**Exercise instructions**
Below are the records. Retype exactly the lines between the lines holding "store_and_retrieve_input/2(current value) ->" and "Constant4 : Constant", inclusive.
Material shown Start Marker
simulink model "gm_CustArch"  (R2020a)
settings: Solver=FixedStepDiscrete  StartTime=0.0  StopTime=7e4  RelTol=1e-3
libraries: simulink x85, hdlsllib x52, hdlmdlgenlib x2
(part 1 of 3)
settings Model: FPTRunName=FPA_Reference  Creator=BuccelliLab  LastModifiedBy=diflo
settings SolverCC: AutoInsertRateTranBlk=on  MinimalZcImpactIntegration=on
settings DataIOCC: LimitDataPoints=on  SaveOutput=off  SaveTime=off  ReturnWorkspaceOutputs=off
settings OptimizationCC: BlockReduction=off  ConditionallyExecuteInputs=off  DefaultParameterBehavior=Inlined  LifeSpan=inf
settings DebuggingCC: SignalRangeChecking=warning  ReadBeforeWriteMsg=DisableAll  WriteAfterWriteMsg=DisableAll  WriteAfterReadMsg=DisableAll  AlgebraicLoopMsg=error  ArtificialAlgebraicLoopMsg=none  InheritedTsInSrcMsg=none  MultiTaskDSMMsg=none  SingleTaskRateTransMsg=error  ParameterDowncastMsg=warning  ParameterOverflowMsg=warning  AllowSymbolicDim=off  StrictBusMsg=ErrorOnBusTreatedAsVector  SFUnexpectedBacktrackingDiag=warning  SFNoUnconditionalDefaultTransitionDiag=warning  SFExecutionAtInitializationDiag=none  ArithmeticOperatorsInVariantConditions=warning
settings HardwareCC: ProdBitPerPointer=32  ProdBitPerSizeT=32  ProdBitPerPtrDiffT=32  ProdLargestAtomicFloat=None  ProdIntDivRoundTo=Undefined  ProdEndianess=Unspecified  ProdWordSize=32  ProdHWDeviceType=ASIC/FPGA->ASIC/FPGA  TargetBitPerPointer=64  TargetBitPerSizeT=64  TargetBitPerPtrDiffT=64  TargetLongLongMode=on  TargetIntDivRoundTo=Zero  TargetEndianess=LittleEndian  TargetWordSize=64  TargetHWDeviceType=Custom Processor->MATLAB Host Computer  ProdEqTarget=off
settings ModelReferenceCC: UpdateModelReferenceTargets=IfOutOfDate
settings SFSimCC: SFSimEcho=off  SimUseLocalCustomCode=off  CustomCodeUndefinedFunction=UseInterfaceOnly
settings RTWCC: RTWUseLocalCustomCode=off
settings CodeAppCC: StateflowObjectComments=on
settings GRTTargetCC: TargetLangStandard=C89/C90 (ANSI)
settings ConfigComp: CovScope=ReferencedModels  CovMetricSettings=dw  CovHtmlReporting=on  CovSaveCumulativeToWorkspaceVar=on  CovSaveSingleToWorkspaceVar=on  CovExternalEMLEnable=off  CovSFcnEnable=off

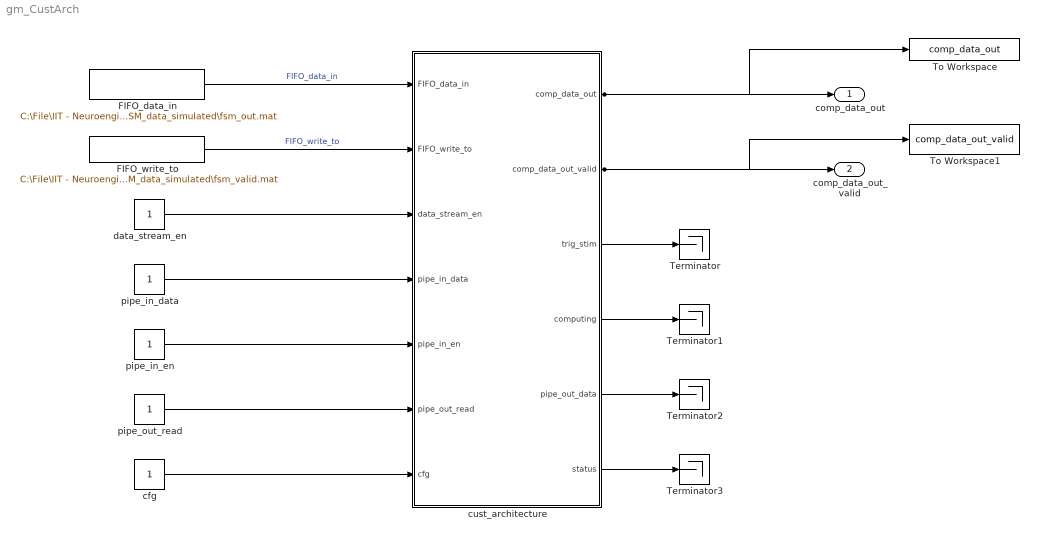
== system gm_CustArch ==
  FIFO_data_in : FromFile  FileName=C:\File\IIT - Neuroengineering\Progetto MathWorks\Data\Intan recordings\FSM_data_simulated\fsm_out.mat  OutDataTypeStr=uint16  SampleTime=1  ExtrapolationBeforeFirstDataPoint=Hold first value  InterpolationWithinTimeRange=Zero order hold  ExtrapolationAfterLastDataPoint=Hold last value
  FIFO_write_to : FromFile  FileName=C:\File\IIT - Neuroengineering\Progetto MathWorks\Data\Intan recordings\FSM_data_simulated\fsm_valid.mat  OutDataTypeStr=boolean  SampleTime=1
  Terminator{,1..3} (4 alike) : Terminator
  To Workspace : ToWorkspace  VariableName=comp_data_out  SaveFormat=Timeseries  SampleTime=-1
  To Workspace1 : ToWorkspace  VariableName=comp_data_out_valid  SaveFormat=Timeseries  SampleTime=-1
  cfg : Constant  OutDataTypeStr=uint16  SampleTime=-1
  cust_architecture : Subsystem
  data_stream_en : Constant  OutDataTypeStr=uint8  SampleTime=-1
  pipe_in_data : Constant  OutDataTypeStr=uint16  SampleTime=-1
  pipe_in_en : Constant  OutDataTypeStr=boolean  SampleTime=-1
  pipe_out_read : Constant  OutDataTypeStr=boolean  SampleTime=-1
  comp_data_out : Outport  VectorParamsAs1DForOutWhenUnconnected=off
  comp_data_out_valid : Outport  Port=2  VectorParamsAs1DForOutWhenUnconnected=off
  wires:
  cust_architecture/6(status) -> Terminator3/1
  cust_architecture/5(pipe_out_data) -> Terminator2/1
  cust_architecture/4(computing) -> Terminator1/1
  cust_architecture/3(trig_stim) -> Terminator/1
  cfg/1 -> cust_architecture/7(cfg)
  pipe_out_read/1 -> cust_architecture/6(pipe_out_read)
  pipe_in_en/1 -> cust_architecture/5(pipe_in_en)
  pipe_in_data/1 -> cust_architecture/4(pipe_in_data)
  data_stream_en/1 -> cust_architecture/3(data_stream_en)
  cust_architecture/2(comp_data_out_valid) -> comp_data_out_valid/1, To Workspace1/1
  cust_architecture/1(comp_data_out) -> comp_data_out/1, To Workspace/1
  FIFO_write_to/1 -> cust_architecture/2(FIFO_write_to)  "FIFO_write_to"
  FIFO_data_in/1 -> cust_architecture/1(FIFO_data_in)  "FIFO_data_in"

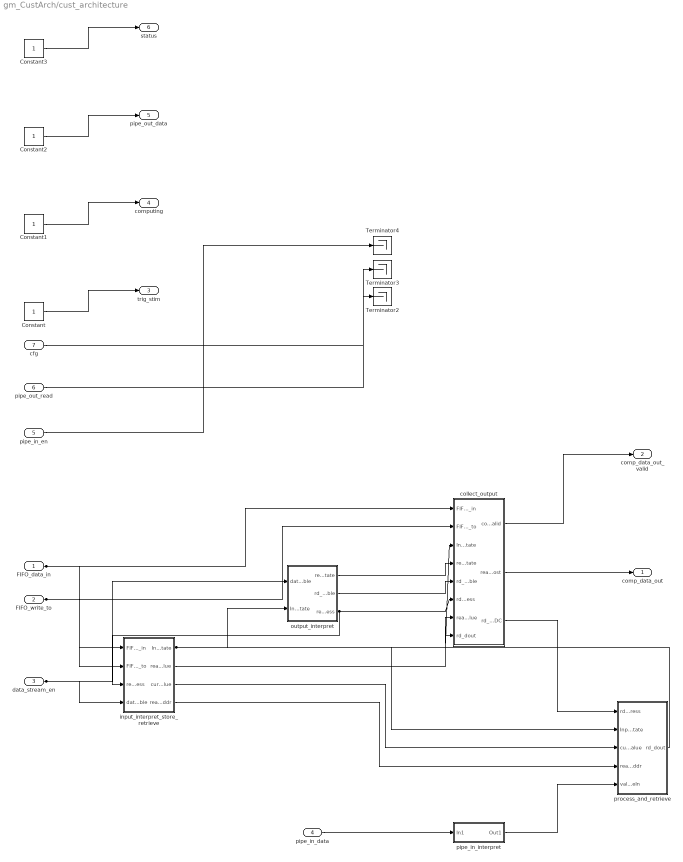
== system gm_CustArch/cust_architecture ==
  FIFO_data_in : Inport  OutDataTypeStr=uint16  PortDimensions=1  SampleTime=1
  FIFO_write_to : Inport  Port=2  OutDataTypeStr=boolean  PortDimensions=1  SampleTime=1
  data_stream_en : Inport  Port=3  OutDataTypeStr=uint8  PortDimensions=1  SampleTime=1
  pipe_in_data : Inport  Port=4  OutDataTypeStr=uint16  PortDimensions=1  SampleTime=1
  pipe_in_en : Inport  Port=5  OutDataTypeStr=boolean  PortDimensions=1  SampleTime=1
  pipe_out_read : Inport  Port=6  OutDataTypeStr=boolean  PortDimensions=1  SampleTime=1
  cfg : Inport  Port=7  OutDataTypeStr=uint16  PortDimensions=1  SampleTime=1
  Constant : Constant  OutDataTypeStr=uint8  SampleTime=1
  Constant1 : Constant  OutDataTypeStr=boolean  SampleTime=1
  Constant2 : Constant  OutDataTypeStr=uint16  SampleTime=1
  Constant3 : Constant  OutDataTypeStr=uint16  SampleTime=1
  Terminator2 : Terminator
  Terminator3 : Terminator
  Terminator4 : Terminator
  collect_output : Subsystem
  input_interpret_store_retrieve : Subsystem
  output_interpret : Subsystem
  pipe_in_interpret : Subsystem
  process_and_retrieve : Subsystem
  comp_data_out : Outport  VectorParamsAs1DForOutWhenUnconnected=off
  comp_data_out_valid : Outport  Port=2  OutDataTypeStr=boolean  VectorParamsAs1DForOutWhenUnconnected=off
  trig_stim : Outport  Port=3  VectorParamsAs1DForOutWhenUnconnected=off
  computing : Outport  Port=4  VectorParamsAs1DForOutWhenUnconnected=off
  pipe_out_data : Outport  Port=5  VectorParamsAs1DForOutWhenUnconnected=off
  status : Outport  Port=6  VectorParamsAs1DForOutWhenUnconnected=off
  wires:
  FIFO_data_in/1 -> input_interpret_store_retrieve/1(FIFO_data_in), collect_output/1(FIFO_data_in)
  FIFO_write_to/1 -> collect_output/2(FIFO_write_to), input_interpret_store_retrieve/2(FIFO_write_to)
  data_stream_en/1 -> output_interpret/1(data_stream_enable), input_interpret_store_retrieve/4(data_stream_enable)
  pipe_in_data/1 -> pipe_in_interpret/1(In1)
  pipe_in_en/1 -> Terminator4/1
  pipe_out_read/1 -> Terminator3/1
  cfg/1 -> Terminator2/1
  Constant/1 -> trig_stim/1
  Constant1/1 -> computing/1
  Constant2/1 -> pipe_out_data/1
  Constant3/1 -> status/1
  collect_output/1(comp_data_out_valid) -> comp_data_out_valid/1
  collect_output/2(read_from_storage_post) -> comp_data_out/1
  collect_output/3(rd_address_bit_set_AC_during_DC) -> process_and_retrieve/1(rd_address)
  input_interpret_store_retrieve/1(InputState) -> collect_output/3(InputState), output_interpret/2(InputState), process_and_retrieve/2(InputState)
  input_interpret_store_retrieve/2(read_from_storage_value) -> collect_output/7(read_from_storage_value)
  input_interpret_store_retrieve/3(current_value) -> process_and_retrieve/3(current_value)
  input_interpret_store_retrieve/4(read_from_processing_addr) -> process_and_retrieve/4(read_from_processing_addr)
  output_interpret/1(read_address == output_state) -> collect_output/4(read_address == output_state)
  output_interpret/2(rd_enable) -> collect_output/5(rd_enable)
  output_interpret/3(read_address) -> collect_output/6(rd_address), input_interpret_store_retrieve/3(read_address)
  pipe_in_interpret/1(Out1) -> process_and_retrieve/5(value_from_pipeIn)
  process_and_retrieve/1(rd_dout) -> collect_output/8(rd_dout)

== system gm_CustArch/cust_architecture/collect_output ==
  FIFO_data_in : Inport  OutDataTypeStr=uint16  PortDimensions=1  SampleTime=1
  FIFO_write_to : Inport  Port=2  OutDataTypeStr=boolean  PortDimensions=1  SampleTime=1
  InputState : Inport  Port=3  OutDataTypeStr=uint8  PortDimensions=1  SampleTime=1
  read_address == output_state : Inport  Port=4  OutDataTypeStr=uint8  PortDimensions=1  SampleTime=1
  rd_enable : Inport  Port=5  OutDataTypeStr=boolean  PortDimensions=1  SampleTime=1
  rd_address : Inport  Port=6  OutDataTypeStr=fixdt(0, 9, 0)  PortDimensions=1  SampleTime=1
  read_from_storage_value : Inport  Port=7  OutDataTypeStr=uint16  PortDimensions=1  SampleTime=1
  rd_dout : Inport  Port=8  OutDataTypeStr=uint16  PortDimensions=1  SampleTime=1
  AND : Logic  AllPortsSameDT=off  OutDataTypeStr=boolean  SampleTime=1
  Bit Set to get AC during DC : simulink/Logic and Bit Operations/Bit Set  iBit=0
      settings: SourceProductBaseCode=SL
  Compare To Constant : simulink/Logic and Bit Operations/Compare To Constant  relop=<  const="fi(0,0,8,0,\"hex\",\"06\")"  OutDataTypeStr=boolean
  Memory : UnitDelay  InitialCondition=double(0)  SampleTime=1
  Memory1 : UnitDelay  InitialCondition=double(0)  SampleTime=1
  Memory7 : UnitDelay  InitialCondition=double(0)  SampleTime=1
  Switch : Switch  Criteria=u2 > Threshold  Threshold=double(0)  OutDataTypeStr=uint16  SampleTime=1
  Switch2 : Switch  Criteria=u2 > Threshold  Threshold=double(0)  OutDataTypeStr=uint16  SampleTime=1
  get_data only when enabled : Subsystem
  output_state_DC : simulink/Logic and Bit Operations/Compare To Constant  relop=~=  const="fi(0,0,8,0,\"hex\",\"06\")"  OutDataTypeStr=boolean
  read_from_magic_and_timestamp : Subsystem
  comp_data_out_valid : Outport
  read_from_storage_post : Outport  Port=2
  rd_address_bit_set_AC_during_DC : Outport  Port=3
  wires:
  FIFO_data_in/1 -> read_from_magic_and_timestamp/2(FIFO_data_in)
  FIFO_write_to/1 -> read_from_magic_and_timestamp/3(FIFO_write_to)
  InputState/1 -> read_from_magic_and_timestamp/4(InputState)
  read_address == output_state/1 -> output_state_DC/1, Memory/1, read_from_magic_and_timestamp/1(read_address == output_state)
  rd_enable/1 -> Memory1/1
  rd_address/1 -> Bit Set to get AC during DC/1
  read_from_storage_value/1 -> Switch2/1
  rd_dout/1 -> Switch2/3
  AND/1 -> Switch/2
  Bit Set to get AC during DC/1 -> rd_address_bit_set_AC_during_DC/1
  Compare To Constant/1 -> AND/1
  Memory/1 -> Compare To Constant/1
  Memory1/1 -> AND/2, comp_data_out_valid/1, get_data only when enabled/Enable
  Memory7/1 -> Switch2/2
  Switch/1 -> get_data only when enabled/1(In1)
  Switch2/1 -> Switch/3
  get_data only when enabled/1(Out1) -> read_from_storage_post/1
  output_state_DC/1 -> Memory7/1
  read_from_magic_and_timestamp/1(read_from_Magic_TS) -> Switch/1

== system gm_CustArch/cust_architecture/input_interpret_store_retrieve ==
  FIFO_data_in : Inport  OutDataTypeStr=uint16  PortDimensions=1  SampleTime=1
  FIFO_write_to : Inport  Port=2  OutDataTypeStr=boolean  PortDimensions=1  SampleTime=1
  read_address : Inport  Port=3  OutDataTypeStr=fixdt(0, 9, 0)  PortDimensions=1  SampleTime=1
  data_stream_enable : Inport  Port=4  OutDataTypeStr=uint8  PortDimensions=1  SampleTime=1
  InputStateMachine : Subsystem
  Interpret_to_RAM_input : Subsystem
  store_and_retrieve_input : Subsystem
  InputState : Outport
  read_from_storage_value : Outport  Port=2
  current_value : Outport  Port=3
  read_from_processing_addr : Outport  Port=4
  wires:
  FIFO_data_in/1 -> InputStateMachine/1(FIFO_data_in), Interpret_to_RAM_input/1(FIFO_data_in)
  FIFO_write_to/1 -> InputStateMachine/2(FIFO_write_to), Interpret_to_RAM_input/2(FIFO_write_to)
  read_address/1 -> store_and_retrieve_input/1(read address)
  data_stream_enable/1 -> Interpret_to_RAM_input/4(data_stream_enable)
  InputStateMachine/1(InputState) -> InputState/1, Interpret_to_RAM_input/3(InputState)
  Interpret_to_RAM_input/1(device_output) -> InputStateMachine/3(channel_0_19)
  Interpret_to_RAM_input/2(inc_source_device) -> InputStateMachine/4(inc_source_device_MSB)
  Interpret_to_RAM_input/3(wr_din) -> store_and_retrieve_input/2(wr_din)
  Interpret_to_RAM_input/4(write address) -> store_and_retrieve_input/3(wr_address)
  Interpret_to_RAM_input/5(wr_en) -> store_and_retrieve_input/4(wr_en)
  store_and_retrieve_input/1(read_from_storage_value) -> read_from_storage_value/1
  store_and_retrieve_input/2(current value) -> current_value/1
  store_and_retrieve_input/3(read_from_porcessing_addr) -> read_from_processing_addr/1

== system gm_CustArch/cust_architecture/output_interpret ==
  data_stream_enable : Inport  OutDataTypeStr=uint8  PortDimensions=1  SampleTime=1
  InputState : Inport  Port=2  OutDataTypeStr=uint8  PortDimensions=1  SampleTime=1
  Interpret_to_RAM_output : Subsystem
  OutputStateMachine : Subsystem
  read_address == output_state : Outport
  rd_enable : Outport  Port=2
  read_address : Outport  Port=3
  wires:
  data_stream_enable/1 -> Interpret_to_RAM_output/2(data_stream_en)
  InputState/1 -> OutputStateMachine/1(input_state)
  Interpret_to_RAM_output/1(rd_enable) -> rd_enable/1
  Interpret_to_RAM_output/2(read address) -> read_address/1
  OutputStateMachine/1(OutputState) -> read_address == output_state/1, Interpret_to_RAM_output/1(read_address == output_state)

== system gm_CustArch/cust_architecture/pipe_in_interpret ==
  In1 : Inport  OutDataTypeStr=uint16  PortDimensions=1  SampleTime=1
  Bit Slice1 : hdlsllib/Logic and Bit Operations/Bit Slice  lidx=double(15)  ridx=double(8)
      settings: SourceProductBaseCode=SL
  Compare To Constant1 : simulink/Logic and Bit Operations/Compare To Constant  relop===  const="fi(0,0,8,0,\"hex\",\"02\")"  OutDataTypeStr=boolean
  Constant4 : Constant  Value=5  OutDataTypeStr=uint16  SampleTime=1
  Memory6 : UnitDelay  InitialCondition=double(0)  SampleTime=1
  Switch1 : Switch  Criteria=u2 > Threshold  Threshold=double(0)  OutDataTypeStr=uint16  SampleTime=1
  Out1 : Outport
  wires:
  In1/1 -> Switch1/1, Memory6/1
  Bit Slice1/1 -> Compare To Constant1/1
  Compare To Constant1/1 -> Switch1/2
  Constant4/1 -> Switch1/3
  Memory6/1 -> Bit Slice1/1
  Switch1/1 -> Out1/1

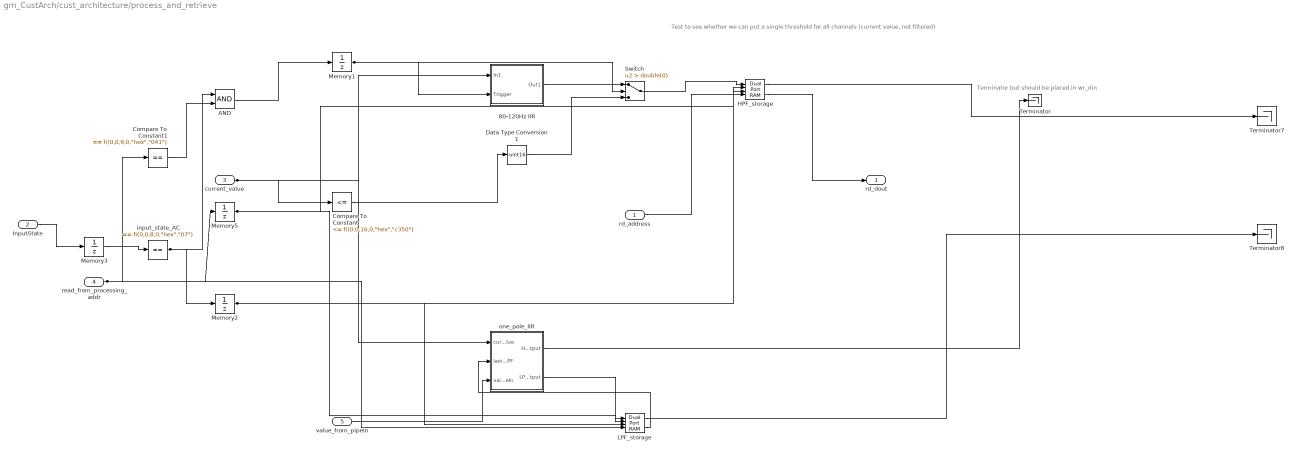
== system gm_CustArch/cust_architecture/process_and_retrieve ==
  note: Terminator but should be placed in wr_din
  note: Test to see whether we can put a single threshold for all channels (current value, not filtered)
  rd_address : Inport  OutDataTypeStr=fixdt(0, 9, 0)  PortDimensions=1  SampleTime=1
  InputState : Inport  Port=2  OutDataTypeStr=uint8  PortDimensions=1  SampleTime=1
  current_value : Inport  Port=3  OutDataTypeStr=uint16  PortDimensions=1  SampleTime=1
  read_from_processing_addr : Inport  Port=4  OutDataTypeStr=fixdt(0, 9, 0)  PortDimensions=1  SampleTime=1
  value_from_pipeIn : Inport  Port=5  OutDataTypeStr=uint16  PortDimensions=1  SampleTime=1
  80-120Hz IIR : Subsystem
  AND : Logic  AllPortsSameDT=off  OutDataTypeStr=boolean  SampleTime=1
  Compare To Constant : simulink/Logic and Bit Operations/Compare To Constant  relop=<=  const="fi(0,0,16,0,\"hex\",\"c350\")"  OutDataTypeStr=boolean
  Compare To Constant1 : simulink/Logic and Bit Operations/Compare To Constant  relop===  const="fi(0,0,9,0,\"hex\",\"041\")"  OutDataTypeStr=boolean
  Data Type Conversion1 : DataTypeConversion  OutDataTypeStr=uint16  SampleTime=1  SaturateOnIntegerOverflow=on
  HPF_storage : hdlsllib/HDL RAMs/Dual Port RAM  ram_size=9
      settings: SourceProductBaseCode=SL
  LPF_storage : hdlsllib/HDL RAMs/Dual Port RAM  ram_size=9
      settings: SourceProductBaseCode=SL
  Memory{1..3,5} (4 alike) : UnitDelay  InitialCondition=double(0)  SampleTime=1
  Switch : Switch  Criteria=u2 > Threshold  Threshold=double(0)  OutDataTypeStr=uint16  SampleTime=1
  Terminator : Terminator
  Terminator7 : Terminator
  Terminator8 : Terminator
  input_state_AC : simulink/Logic and Bit Operations/Compare To Constant  relop===  const="fi(0,0,8,0,\"hex\",\"07\")"  OutDataTypeStr=boolean
  one_pole_IIR : Subsystem
  rd_dout : Outport
  wires:
  rd_address/1 -> HPF_storage/4
  InputState/1 -> Memory3/1
  current_value/1 -> Compare To Constant/1, one_pole_IIR/1(current_value), 80-120Hz IIR/1(In1)
  read_from_processing_addr/1 -> Compare To Constant1/1, Memory5/1, LPF_storage/4
  value_from_pipeIn/1 -> one_pole_IIR/3(value_from_pipeIn)
  80-120Hz IIR/1(Out1) -> Switch/1
  AND/1 -> Memory1/1
  Compare To Constant/1 -> Data Type Conversion1/1
  Compare To Constant1/1 -> AND/2
  Data Type Conversion1/1 -> Switch/3
  HPF_storage/1 -> Terminator7/1
  HPF_storage/2 -> rd_dout/1
  LPF_storage/1 -> Terminator8/1
  LPF_storage/2 -> one_pole_IIR/2(last_LPF)
  Memory1/1 -> Switch/2, 80-120Hz IIR/2(Trigger)
  Memory2/1 -> HPF_storage/3, LPF_storage/3
  Memory3/1 -> input_state_AC/1
  Memory5/1 -> HPF_storage/2, LPF_storage/2
  Switch/1 -> HPF_storage/1
  input_state_AC/1 -> AND/1, Memory2/1
  one_pole_IIR/1(HPF_output) -> Terminator/1
  one_pole_IIR/2(LPF_output) -> LPF_storage/1

== system gm_CustArch/cust_architecture/collect_output/get_data only when enabled ==
  In1 : Inport  OutDataTypeStr=uint16  PortDimensions=1  SampleTime=1
  Enable : EnablePort  OutDataTypeStr=boolean
  Out1 : Outport  InitialOutput=0  VectorParamsAs1DForOutWhenUnconnected=off
  wires:
  In1/1 -> Out1/1

== system gm_CustArch/cust_architecture/collect_output/read_from_magic_and_timestamp ==
  read_address == output_state : Inport  OutDataTypeStr=uint8  PortDimensions=1  SampleTime=1
  FIFO_data_in : Inport  Port=2  OutDataTypeStr=uint16  PortDimensions=1  SampleTime=1
  FIFO_write_to : Inport  Port=3  OutDataTypeStr=boolean  PortDimensions=1  SampleTime=1
  InputState : Inport  Port=4  OutDataTypeStr=uint8  PortDimensions=1  SampleTime=1
  Terminator1 : Terminator
  getting address and enable for Magic and Timestamps : Subsystem
  input_RAM_for_MagicNumber_TimeStamps : hdlsllib/HDL RAMs/Dual Port RAM  ram_size=8
      settings: SourceProductBaseCode=SL
  read_from_Magic_TS : Outport
  wires:
  read_address == output_state/1 -> input_RAM_for_MagicNumber_TimeStamps/4
  FIFO_data_in/1 -> input_RAM_for_MagicNumber_TimeStamps/1
  FIFO_write_to/1 -> getting address and enable for Magic and Timestamps/2(FIFO_write_to)
  InputState/1 -> getting address and enable for Magic and Timestamps/1(InputState)
  getting address and enable for Magic and Timestamps/1(wr_address) -> input_RAM_for_MagicNumber_TimeStamps/2
  getting address and enable for Magic and Timestamps/2(wr_enable) -> input_RAM_for_MagicNumber_TimeStamps/3
  input_RAM_for_MagicNumber_TimeStamps/1 -> Terminator1/1
  input_RAM_for_MagicNumber_TimeStamps/2 -> read_from_Magic_TS/1

== system gm_CustArch/cust_architecture/input_interpret_store_retrieve/InputStateMachine ==
  FIFO_data_in : Inport  OutDataTypeStr=uint16  PortDimensions=1  SampleTime=1
  FIFO_write_to : Inport  Port=2  OutDataTypeStr=boolean  PortDimensions=1  SampleTime=1
  channel_0_19 : Inport  Port=3  OutDataTypeStr=uint8  PortDimensions=1  SampleTime=1
  inc_source_device_MSB : Inport  Port=4  OutDataTypeStr=boolean  PortDimensions=1  SampleTime=1
  InputStateMachine : Stateflow chart  TreatAsAtomicUnit=on
  InputState : Outport  VectorParamsAs1DForOutWhenUnconnected=off
  wires:
  FIFO_data_in/1 -> InputStateMachine/1(FIFO_data_in)
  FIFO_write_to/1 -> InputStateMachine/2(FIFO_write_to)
Material shown End Marker
**Written solution**
  store_and_retrieve_input/2(current value) -> current_value/1
  store_and_retrieve_input/3(read_from_porcessing_addr) -> read_from_processing_addr/1

== system gm_CustArch/cust_architecture/output_interpret ==
  data_stream_enable : Inport  OutDataTypeStr=uint8  PortDimensions=1  SampleTime=1
  InputState : Inport  Port=2  OutDataTypeStr=uint8  PortDimensions=1  SampleTime=1
  Interpret_to_RAM_output : Subsystem
  OutputStateMachine : Subsystem
  read_address == output_state : Outport
  rd_enable : Outport  Port=2
  read_address : Outport  Port=3
  wires:
  data_stream_enable/1 -> Interpret_to_RAM_output/2(data_stream_en)
  InputState/1 -> OutputStateMachine/1(input_state)
  Interpret_to_RAM_output/1(rd_enable) -> rd_enable/1
  Interpret_to_RAM_output/2(read address) -> read_address/1
  OutputStateMachine/1(OutputState) -> read_address == output_state/1, Interpret_to_RAM_output/1(read_address == output_state)

== system gm_CustArch/cust_architecture/pipe_in_interpret ==
  In1 : Inport  OutDataTypeStr=uint16  PortDimensions=1  SampleTime=1
  Bit Slice1 : hdlsllib/Logic and Bit Operations/Bit Slice  lidx=double(15)  ridx=double(8)
      settings: SourceProductBaseCode=SL
  Compare To Constant1 : simulink/Logic and Bit Operations/Compare To Constant  relop===  const="fi(0,0,8,0,\"hex\",\"02\")"  OutDataTypeStr=boolean
  Constant4 : Constant  Value=5  OutDataTypeStr=uint16  SampleTime=1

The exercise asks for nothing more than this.